+++ Data excerpts

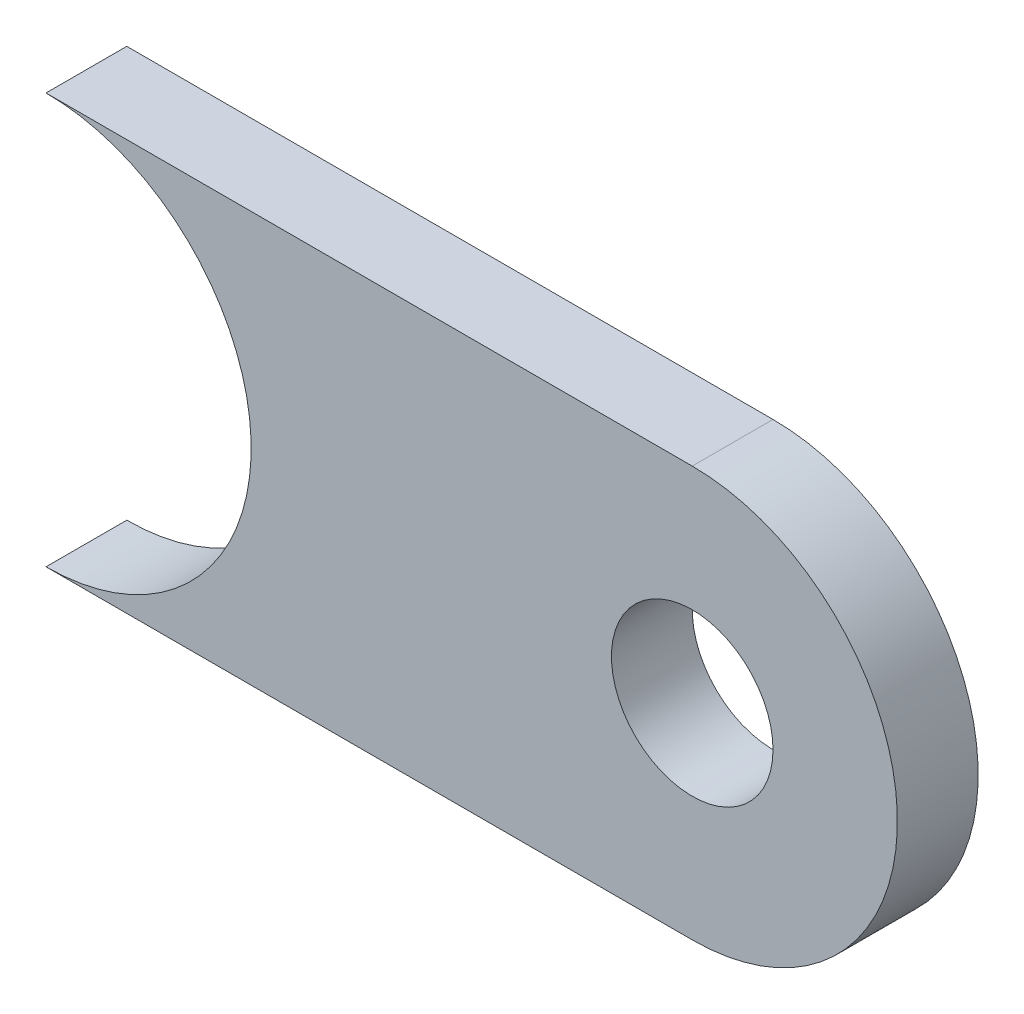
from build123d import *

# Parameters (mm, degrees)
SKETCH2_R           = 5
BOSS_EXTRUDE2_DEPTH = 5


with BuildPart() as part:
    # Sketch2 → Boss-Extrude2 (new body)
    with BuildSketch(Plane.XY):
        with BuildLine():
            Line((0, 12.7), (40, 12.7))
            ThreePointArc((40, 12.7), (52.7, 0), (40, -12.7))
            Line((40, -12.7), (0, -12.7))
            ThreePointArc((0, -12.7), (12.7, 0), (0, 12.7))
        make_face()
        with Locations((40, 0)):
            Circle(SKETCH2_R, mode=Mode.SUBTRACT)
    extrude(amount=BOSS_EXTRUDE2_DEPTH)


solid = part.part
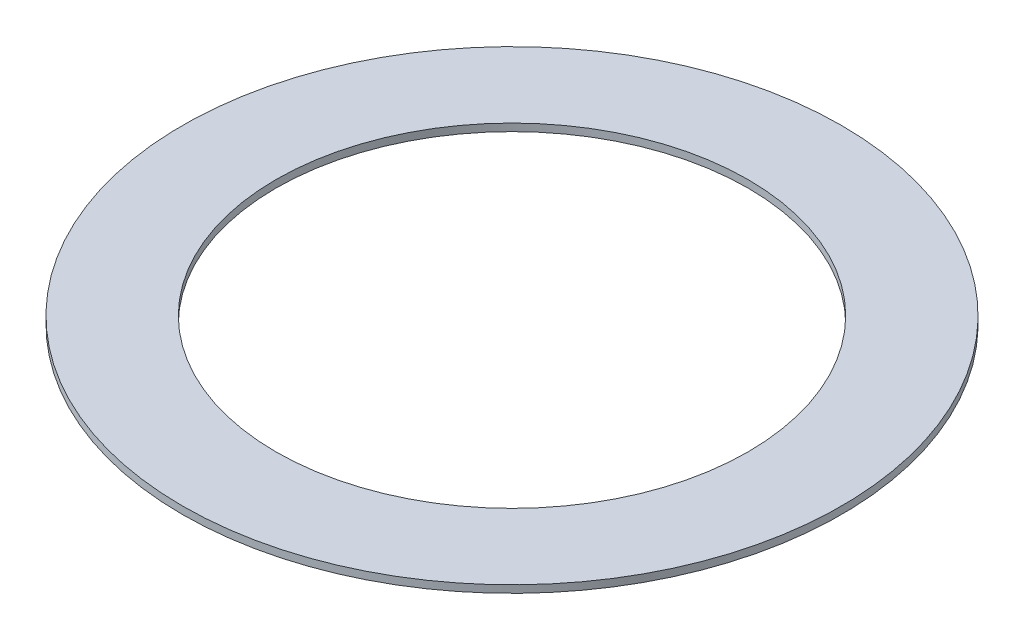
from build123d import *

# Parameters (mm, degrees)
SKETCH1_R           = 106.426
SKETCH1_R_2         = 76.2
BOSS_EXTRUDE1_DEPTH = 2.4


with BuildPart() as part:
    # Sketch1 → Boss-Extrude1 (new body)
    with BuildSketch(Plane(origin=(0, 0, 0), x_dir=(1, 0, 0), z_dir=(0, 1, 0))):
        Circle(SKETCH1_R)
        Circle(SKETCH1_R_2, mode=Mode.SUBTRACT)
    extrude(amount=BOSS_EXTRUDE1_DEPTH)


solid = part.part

++++++

» Task item:
In case the records contain pictures, keep those out and repeat the rest exactly.

» Output of the task:
from build123d import *

# Parameters (mm, degrees)
SKETCH2_R           = 5
BOSS_EXTRUDE2_DEPTH = 5


with BuildPart() as part:
    # Sketch2 → Boss-Extrude2 (new body)
    with BuildSketch(Plane.XY):
        with BuildLine():
            Line((0, 12.7), (40, 12.7))
            ThreePointArc((40, 12.7), (52.7, 0), (40, -12.7))
            Line((40, -12.7), (0, -12.7))
            ThreePointArc((0, -12.7), (12.7, 0), (0, 12.7))
        make_face()
        with Locations((40, 0)):
            Circle(SKETCH2_R, mode=Mode.SUBTRACT)
    extrude(amount=BOSS_EXTRUDE2_DEPTH)


solid = part.part
from build123d import *

# Parameters (mm, degrees)
SKETCH1_R           = 106.426
SKETCH1_R_2         = 76.2
BOSS_EXTRUDE1_DEPTH = 2.4


with BuildPart() as part:
    # Sketch1 → Boss-Extrude1 (new body)
    with BuildSketch(Plane(origin=(0, 0, 0), x_dir=(1, 0, 0), z_dir=(0, 1, 0))):
        Circle(SKETCH1_R)
        Circle(SKETCH1_R_2, mode=Mode.SUBTRACT)
    extrude(amount=BOSS_EXTRUDE1_DEPTH)


solid = part.part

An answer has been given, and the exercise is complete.